Infectious Agents Under Suspicion. Although many infectious microorganisms have been investigated, no one agent has emerged as a proven trigger. It is possible different MS patients may be affected by different organisms, and that infections cause some, but not all, cases of MS. Organisms that are at the top of the suspect list are those that can affect the central nervous system. The following are three primary suspects:

  • HHV-6. Herpesvirus 6 (a form of herpesvirus that causes roseola, a benign disease in children) is also known to cause encephalitis (brain inflammation) in patients with impaired immune systems. A number of studies have reported higher than normal rates of HHV-6 infection in MS patients, and some experts believe that may be important in MS. Other experts argue, however, that nearly everyone harbors this virus and there is still no evidence of a causal relationship. Other herpes viruses can also infect brain cells. They include herpes simplex 1 and 2 (the causes of oral and genital herpes), varicella-zoster virus (the cause of chicken pox and shingles), and cytomegalovirus.
  • Chlamydia Pneumoniae. This atypical bacterium has been associated with persistent inflammation in small vessels. A few studies have reported significantly higher rates of previous Chlamydia infection in MS patients than in individuals without MS. An important group of 2000 studies reported no connection at all between Chlamydia and MS, and any experts now believe there is no strong evidence linking the microbe to MS. It is still possible, however, that the infection, which can cause widespread inflammation, plays a role early in the course of the disease in some individuals.
  • Epstein-Barr virus (EBV). Nearly all people with MS have some evidence of EBV infection, the cause of mononucleosis. EBV, however, is also very common in people who never develop mono. (For example, in one study 99% of MS patients had evidence of EBV but so did 93% of people without MS.)

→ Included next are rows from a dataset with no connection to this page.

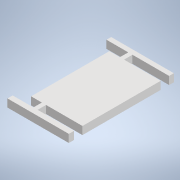
# Autodesk Inventor part: bottom
Saved by Autodesk Inventor 2020.2 (Build 242310000, 310)
## iProperties
Created: 2020-03-18
Part Number: bottom
Material: Generic
Document SubType Name: Modeling
Designer: deli
Density: 1 g/cm^3
Appearance: Default
Author: deli
Autodesk Inventor part; units mm, degrees
ref_plane "YZ Plane" through (0, 0, 0) normal (1, 0, 0) x (0, 1, 0)
ref_plane "XZ Plane" through (0, 0, 0) normal (0, 1, 0) x (-1, 0, 0)
ref_plane "XY Plane" through (0, 0, 0) normal (0, 0, 1) x (1, 0, 0)
sketch "Sketch1" plane through (0, 0, 0) normal (0, 1, 0) x (-1, 0, 0)
  line L0 (-19.5047, -110.1246) -> (-72.2097, -110.1246)
  line L1 (-72.2097, -110.1246) -> (-72.2097, -89.8046)
  line L2 (-46.8097, -89.8046) -> (-72.2097, -89.8046)
  line L3 (-82.3697, -110.1246) -> (-171.0229, -110.1246)
  line L4 (-82.3697, -89.8046) -> (-171.0229, -89.8046)
  line L5 (-82.3697, -110.1246) -> (-82.3697, -89.8046)
  line L6 (-171.0229, -121.5546) -> (-19.5047, -121.5546)
  line L7 (-19.5047, -121.5546) -> (-19.5047, -110.1246)
  line L8 (-46.8097, 99.4254) -> (-46.8097, -89.8046)
  line L9 (-72.8447, 99.4254) -> (-72.8447, 119.7454)
  line L10 (-72.8447, 119.7454) -> (-22.6797, 119.7454)
  line L11 (-83.0047, 99.4254) -> (-83.0047, 119.7454)
  line L12 (-83.0047, 119.7454) -> (-171.0229, 119.7454)
  line L13 (-171.0229, 132.4454) -> (-22.6797, 132.4454)
  line L14 (-22.6797, 132.4454) -> (-22.6797, 119.7454)
  line L15 (-171.0229, 99.4254) -> (-83.0047, 99.4254)
  line L16 (-72.8447, 99.4254) -> (-46.8097, 99.4254)
  line L17 (-22.6797, 119.7454) -> (-72.8447, 119.7454)
  line L18 (-83.0047, 119.7454) -> (-171.0229, 119.7454)
  line L19 (-171.0229, 132.4454) -> (-171.0229, 119.7454)
  line L20 (-171.0229, 99.4254) -> (-171.0229, -89.8046)
  line L21 (-171.0229, -110.1246) -> (-171.0229, -121.5546)
  point P0 (0, 0)
  dimension "d3" = 20.32
  dimension "d4" = 20.32
  dimension "d6" = 254
  dimension "d7" = 0
  dimension "d10" = 20.32
  dimension "d11" = 20.32
  dimension "d12" = 0
  dimension "d13" = 10.16
  dimension "d14" = 26.035
  dimension "d16" = 25.4
  dimension "d17" = 10.16
  constraints: 48 end point, 2 horizontal, 2 parallel
  measures "d3" distance of L9.start L9.end
  measures "d4" distance of L11.end L11.start
  measures "d6" distance between parallel lines of L13 L6
  measures "d7" distance between parallel lines of L15 L16
  measures "d10" distance between parallel lines of L3 L4
  measures "d11" distance between parallel lines of L0 L2
  measures "d12" distance between parallel lines of L4 L2
  measures "d13" distance between parallel lines of L11 L9
  measures "d14" distance between parallel lines of L9 L8
  measures "d16" distance between parallel lines of L1 L8
  measures "d17" distance between parallel lines of L5 L1
extrude "Extrusion1" add sketch "Sketch1" along normal blind 19.05
equation "\"d4\" = d3"
equation "\"d10\" = d4"
equation "\"d11\" = d3"
equation "\"d17\" = d13"
body "Solid1"
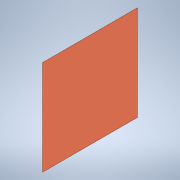
# Autodesk Inventor part: flag
Saved by Autodesk Inventor 2020.2 (Build 242310000, 310)
## iProperties
Created: 2020-03-22
Part Number: flag
Material: PVC, Unplasticized
Document SubType Name: Modeling
Designer: agmle
Density: 1.29 g/cm^3
Appearance: Smooth - Light Orange
Author: agmle
Autodesk Inventor part; units mm, degrees
ref_plane "YZ Plane" through (0, 0, 0) normal (1, 0, 0) x (0, 1, 0)
ref_plane "XZ Plane" through (0, 0, 0) normal (0, 1, 0) x (-1, 0, 0)
ref_plane "XY Plane" through (0, 0, 0) normal (0, 0, 1) x (1, 0, 0)
sketch "Sketch1" plane through (0, 0, 0) normal (1, 0, 0) x (0, 1, 0)
  line L0 (0, 0) -> (596.9, 0)
  line L1 (596.9, 0) -> (596.9, -596.9)
  line L2 (596.9, -596.9) -> (0, -596.9)
  line L3 (0, -596.9) -> (0, 0)
  dimension "d0" = 596.9
  constraints: 8 end point, 2 parallel, 2 perpendicular, 1 horizontal
  measures "d0" distance of L0.start L0.end
extrude "Extrusion1" add sketch "Sketch1" along normal blind 0.3175
body "Solid1"
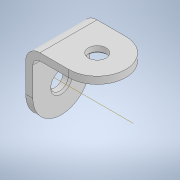
# Autodesk Inventor part: Angle Bracket
Saved by Autodesk Inventor 2022 (Build 260153000, 153)
## iProperties
Created: 2022-04-03
Part Number: Angle Bracket
Material: Generic
Document SubType Name: Modeling
Designer: Nick
Density: 1 g/cm^3
Appearance: Default
Author: Nick
Autodesk Inventor part; units mm, degrees
ref_plane "YZ Plane" through (0, 0, 0) normal (1, 0, 0) x (0, 1, 0)
ref_plane "XZ Plane" through (0, 0, 0) normal (0, 1, 0) x (-1, 0, 0)
ref_plane "XY Plane" through (0, 0, 0) normal (0, 0, 1) x (1, 0, 0)
sketch "Sketch1" plane through (0, 0, 0) normal (0, 0, 1) x (1, 0, 0)
  line L0 (0, 0) -> (0, 20.066)
  line L1 (0, 20.066) -> (20.066, 20.066)
  line L2 (20.066, 20.066) -> (20.066, 18.066)
  line L3 (20.066, 18.066) -> (2, 18.066)
  line L4 (2, 18.066) -> (2, 0)
  line L5 (2, 0) -> (0, 0)
  dimension "d0" = 20.066
  dimension "d1" = 20.066
  dimension "d2" = 2
  constraints: 12 end point, 2 horizontal, 2 perpendicular, 2 vertical, 1 parallel
  measures "d0" distance of L0.start L0.end
  measures "d1" distance of L0.end L1.end
  measures "d2" distance of L1.end L2.end
extrude "Extrusion1" add sketch "Sketch1" along normal blind 16.002
sketch "Sketch2" plane through (0, 0, 0) normal (-1, 0, 0) x (0, 0, 1)
  line L0 (16.002, 20.066) -> (16.002, 0) projected
  line L1 (0, 20.066) -> (16.002, 20.066) projected
  point P0 (0, 0)
  point P1 (8.001, 10.033)
  point P2 (16.002, 10.033)
  point P3 (8.001, 20.066)
  constraints: 2 midpoint, 1 horizontal alignment, 1 vertical alignment
sketch "Sketch5" plane through (2, 0, 0) normal (1, 0, 0) x (0, 0, -1)
  line L0 (0, 0) -> (0, 18.066) projected
  line L1 (0, 18.066) -> (-16.002, 18.066) projected
  line L2 (-16.002, 0) -> (-16.002, 18.066) projected
  line L3 (0, 0) -> (-16.002, 0) projected
  circle A0 centre (-8.001, 8.001) radius 8.001
  point P0 (0, 0)
  point P1 (0, 8.001)
  point P2 (-8.001, 0)
  point P3 (-16.002, 8.001)
  constraints: 3 tangent, 1 centre point
extrude "Extrusion3" cut sketch "Sketch5" against normal blind 16.002 contours L3 A0 L0 | L3 L2 A0
hole "Hole2" at (2, 8.001, 8.001) direction (-1, 0, 0) diameter 5 end through all countersink diameter 6 countersink angle 90 clearance for "Flat Head Machine Screw" size "M5" standard "Ansi Metric M Profile"
ref_plane "Work Plane1" through (2, 18.066, 0) normal (-0.7071068, -0.7071068, 0) x (0, 0, -1)
mirror "Mirror1" about plane through (2, 18.066, 0) normal (-0.7071068, -0.7071068, 0) of "Extrusion3", "Hole2"
fillet "Fillet1" radius 4 1 edges at (0, 20.066, 8.001)
fillet "Fillet2" radius 2 1 edges at (2, 18.066, 8.001)
equation "\"d1\" = d0"
body "Solid1"

Other viruses that have been investigated include measles virus, adenovirus, and the retroviruses (HIV, HTLV-I, and HTLV-II), but none have emerged as having any importance.

Note on Vaccinations: Concerns about a link between the hepatitis B vaccine and MS led France to halt a major vaccination program in 1998. Subsequent research, however, has found no evidence of any causal association. Research also ruled out a link between any other vaccinations, such as or influenza, and relapses of MS.